__What to produce__
Below are entries; output exactly the lines from the one with "edge.add_arc((521473454, 174938775), 120, -20.42304, 339.57696)" to the one with "edge.add_arc((521498451, 174938630), 159, -20.42304, 339.57696)", both included, and nothing else.

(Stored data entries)
===
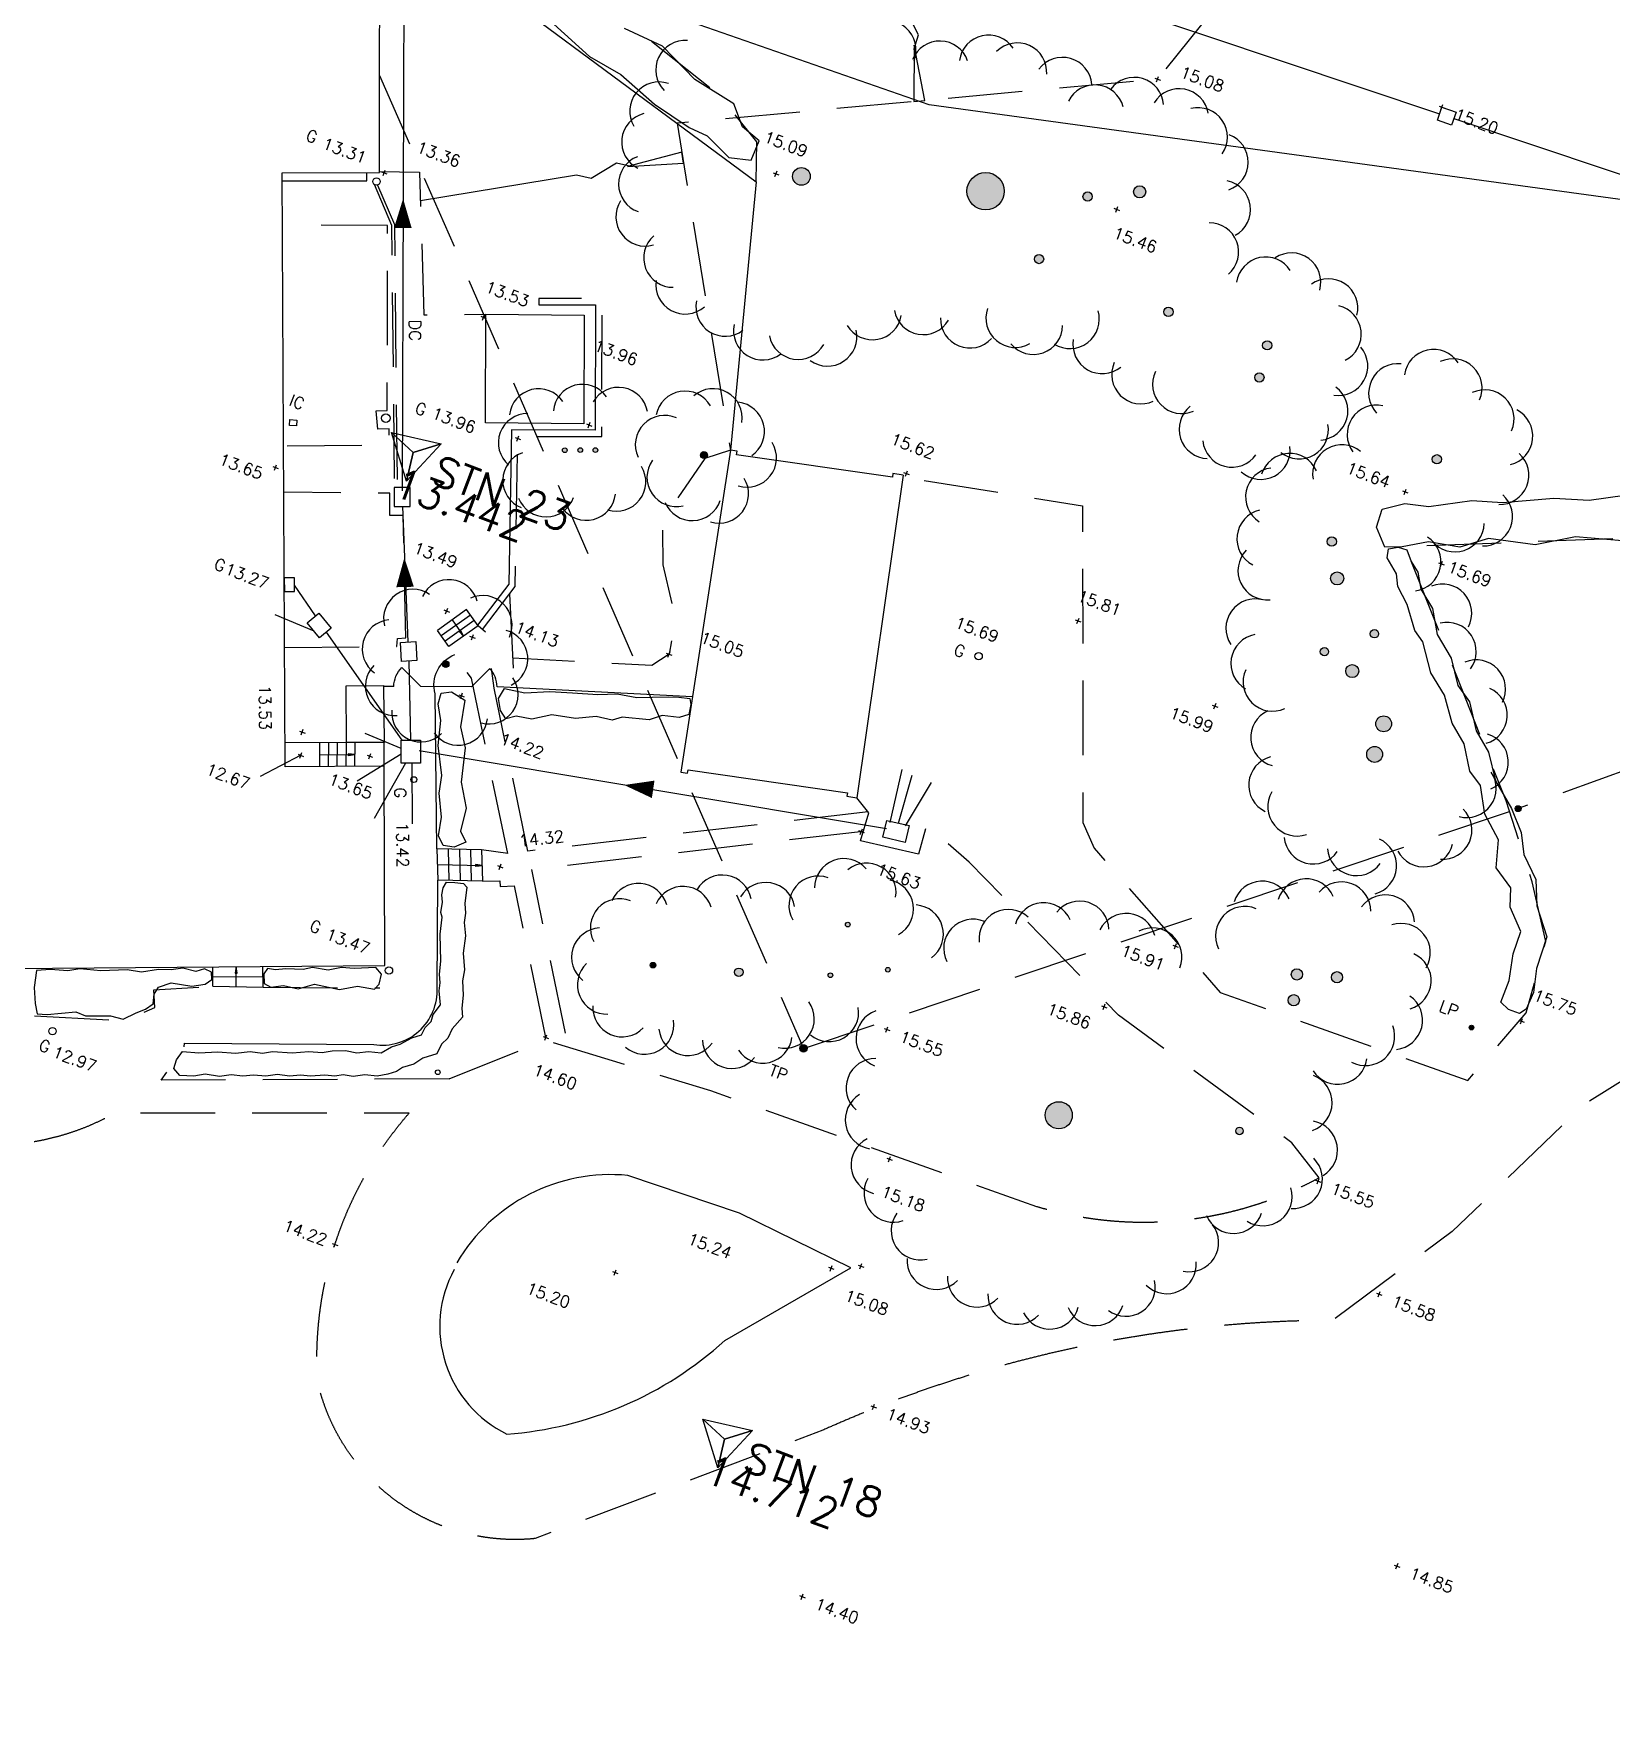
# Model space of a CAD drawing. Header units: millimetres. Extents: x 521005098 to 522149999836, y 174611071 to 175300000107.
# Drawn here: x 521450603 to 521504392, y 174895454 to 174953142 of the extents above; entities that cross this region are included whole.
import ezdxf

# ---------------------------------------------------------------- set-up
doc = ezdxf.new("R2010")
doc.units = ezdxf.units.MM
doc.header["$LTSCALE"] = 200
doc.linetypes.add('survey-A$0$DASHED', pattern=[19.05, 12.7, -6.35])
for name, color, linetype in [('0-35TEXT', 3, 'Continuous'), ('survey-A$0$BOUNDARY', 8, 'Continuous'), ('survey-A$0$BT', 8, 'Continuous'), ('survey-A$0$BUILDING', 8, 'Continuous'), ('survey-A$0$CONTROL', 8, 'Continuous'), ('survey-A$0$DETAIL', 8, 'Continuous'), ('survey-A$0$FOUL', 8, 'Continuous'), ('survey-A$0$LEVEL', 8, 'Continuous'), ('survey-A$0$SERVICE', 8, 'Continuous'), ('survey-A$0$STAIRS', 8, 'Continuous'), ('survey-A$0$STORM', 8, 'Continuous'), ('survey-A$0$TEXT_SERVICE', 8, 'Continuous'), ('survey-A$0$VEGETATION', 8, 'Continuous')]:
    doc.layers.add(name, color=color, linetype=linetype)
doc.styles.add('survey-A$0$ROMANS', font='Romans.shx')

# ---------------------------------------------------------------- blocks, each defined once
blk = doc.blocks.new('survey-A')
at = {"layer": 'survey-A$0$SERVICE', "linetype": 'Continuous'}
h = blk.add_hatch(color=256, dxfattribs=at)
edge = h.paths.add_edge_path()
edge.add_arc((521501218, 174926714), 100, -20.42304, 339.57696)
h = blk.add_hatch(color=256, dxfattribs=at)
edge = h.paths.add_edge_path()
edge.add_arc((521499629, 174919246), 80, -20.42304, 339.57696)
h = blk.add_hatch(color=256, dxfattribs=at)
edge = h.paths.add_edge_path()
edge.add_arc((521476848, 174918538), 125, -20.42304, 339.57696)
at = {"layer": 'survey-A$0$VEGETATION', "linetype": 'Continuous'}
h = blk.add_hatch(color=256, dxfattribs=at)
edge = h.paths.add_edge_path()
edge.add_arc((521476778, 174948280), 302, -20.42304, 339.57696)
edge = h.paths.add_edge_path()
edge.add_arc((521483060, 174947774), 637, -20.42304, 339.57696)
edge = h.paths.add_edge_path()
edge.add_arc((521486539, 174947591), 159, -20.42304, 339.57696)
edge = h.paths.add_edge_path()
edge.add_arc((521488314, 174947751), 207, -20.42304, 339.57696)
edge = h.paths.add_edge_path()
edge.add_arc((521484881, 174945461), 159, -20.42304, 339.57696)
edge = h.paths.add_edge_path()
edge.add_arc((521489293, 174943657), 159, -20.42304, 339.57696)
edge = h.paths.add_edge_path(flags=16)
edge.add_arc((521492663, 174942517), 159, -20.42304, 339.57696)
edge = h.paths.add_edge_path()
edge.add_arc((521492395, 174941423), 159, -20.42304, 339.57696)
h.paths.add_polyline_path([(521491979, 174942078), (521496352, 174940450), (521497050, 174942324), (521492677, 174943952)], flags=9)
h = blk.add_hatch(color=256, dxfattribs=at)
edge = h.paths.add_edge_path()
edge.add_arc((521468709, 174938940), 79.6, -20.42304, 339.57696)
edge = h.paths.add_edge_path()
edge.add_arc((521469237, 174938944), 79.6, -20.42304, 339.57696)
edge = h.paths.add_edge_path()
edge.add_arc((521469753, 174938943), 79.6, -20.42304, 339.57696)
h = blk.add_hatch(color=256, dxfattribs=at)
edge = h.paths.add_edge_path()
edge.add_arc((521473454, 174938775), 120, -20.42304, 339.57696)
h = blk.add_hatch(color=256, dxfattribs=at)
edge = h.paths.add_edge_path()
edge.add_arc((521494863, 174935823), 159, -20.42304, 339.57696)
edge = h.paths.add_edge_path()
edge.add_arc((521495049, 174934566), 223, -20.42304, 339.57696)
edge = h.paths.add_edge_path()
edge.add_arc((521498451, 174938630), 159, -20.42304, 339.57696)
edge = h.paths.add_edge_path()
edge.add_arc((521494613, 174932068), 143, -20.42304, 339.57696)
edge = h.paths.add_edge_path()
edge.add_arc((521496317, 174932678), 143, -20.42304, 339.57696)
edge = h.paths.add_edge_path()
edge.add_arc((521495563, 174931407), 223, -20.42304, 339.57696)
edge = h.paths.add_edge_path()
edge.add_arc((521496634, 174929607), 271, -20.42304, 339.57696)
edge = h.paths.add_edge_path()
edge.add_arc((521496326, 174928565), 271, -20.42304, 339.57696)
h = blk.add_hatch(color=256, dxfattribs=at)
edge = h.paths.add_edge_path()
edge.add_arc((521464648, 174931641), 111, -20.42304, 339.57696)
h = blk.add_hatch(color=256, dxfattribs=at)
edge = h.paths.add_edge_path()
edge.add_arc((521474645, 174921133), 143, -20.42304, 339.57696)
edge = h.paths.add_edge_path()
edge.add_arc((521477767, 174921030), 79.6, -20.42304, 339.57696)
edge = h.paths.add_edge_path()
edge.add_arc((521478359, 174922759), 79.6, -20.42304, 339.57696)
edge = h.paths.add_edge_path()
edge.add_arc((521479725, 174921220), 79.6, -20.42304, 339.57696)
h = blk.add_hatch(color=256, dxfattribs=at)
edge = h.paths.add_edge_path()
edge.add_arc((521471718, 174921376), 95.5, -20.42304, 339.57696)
===
__Exercise solution__
edge.add_arc((521473454, 174938775), 120, -20.42304, 339.57696)
h = blk.add_hatch(color=256, dxfattribs=at)
edge = h.paths.add_edge_path()
edge.add_arc((521494863, 174935823), 159, -20.42304, 339.57696)
edge = h.paths.add_edge_path()
edge.add_arc((521495049, 174934566), 223, -20.42304, 339.57696)
edge = h.paths.add_edge_path()
edge.add_arc((521498451, 174938630), 159, -20.42304, 339.57696)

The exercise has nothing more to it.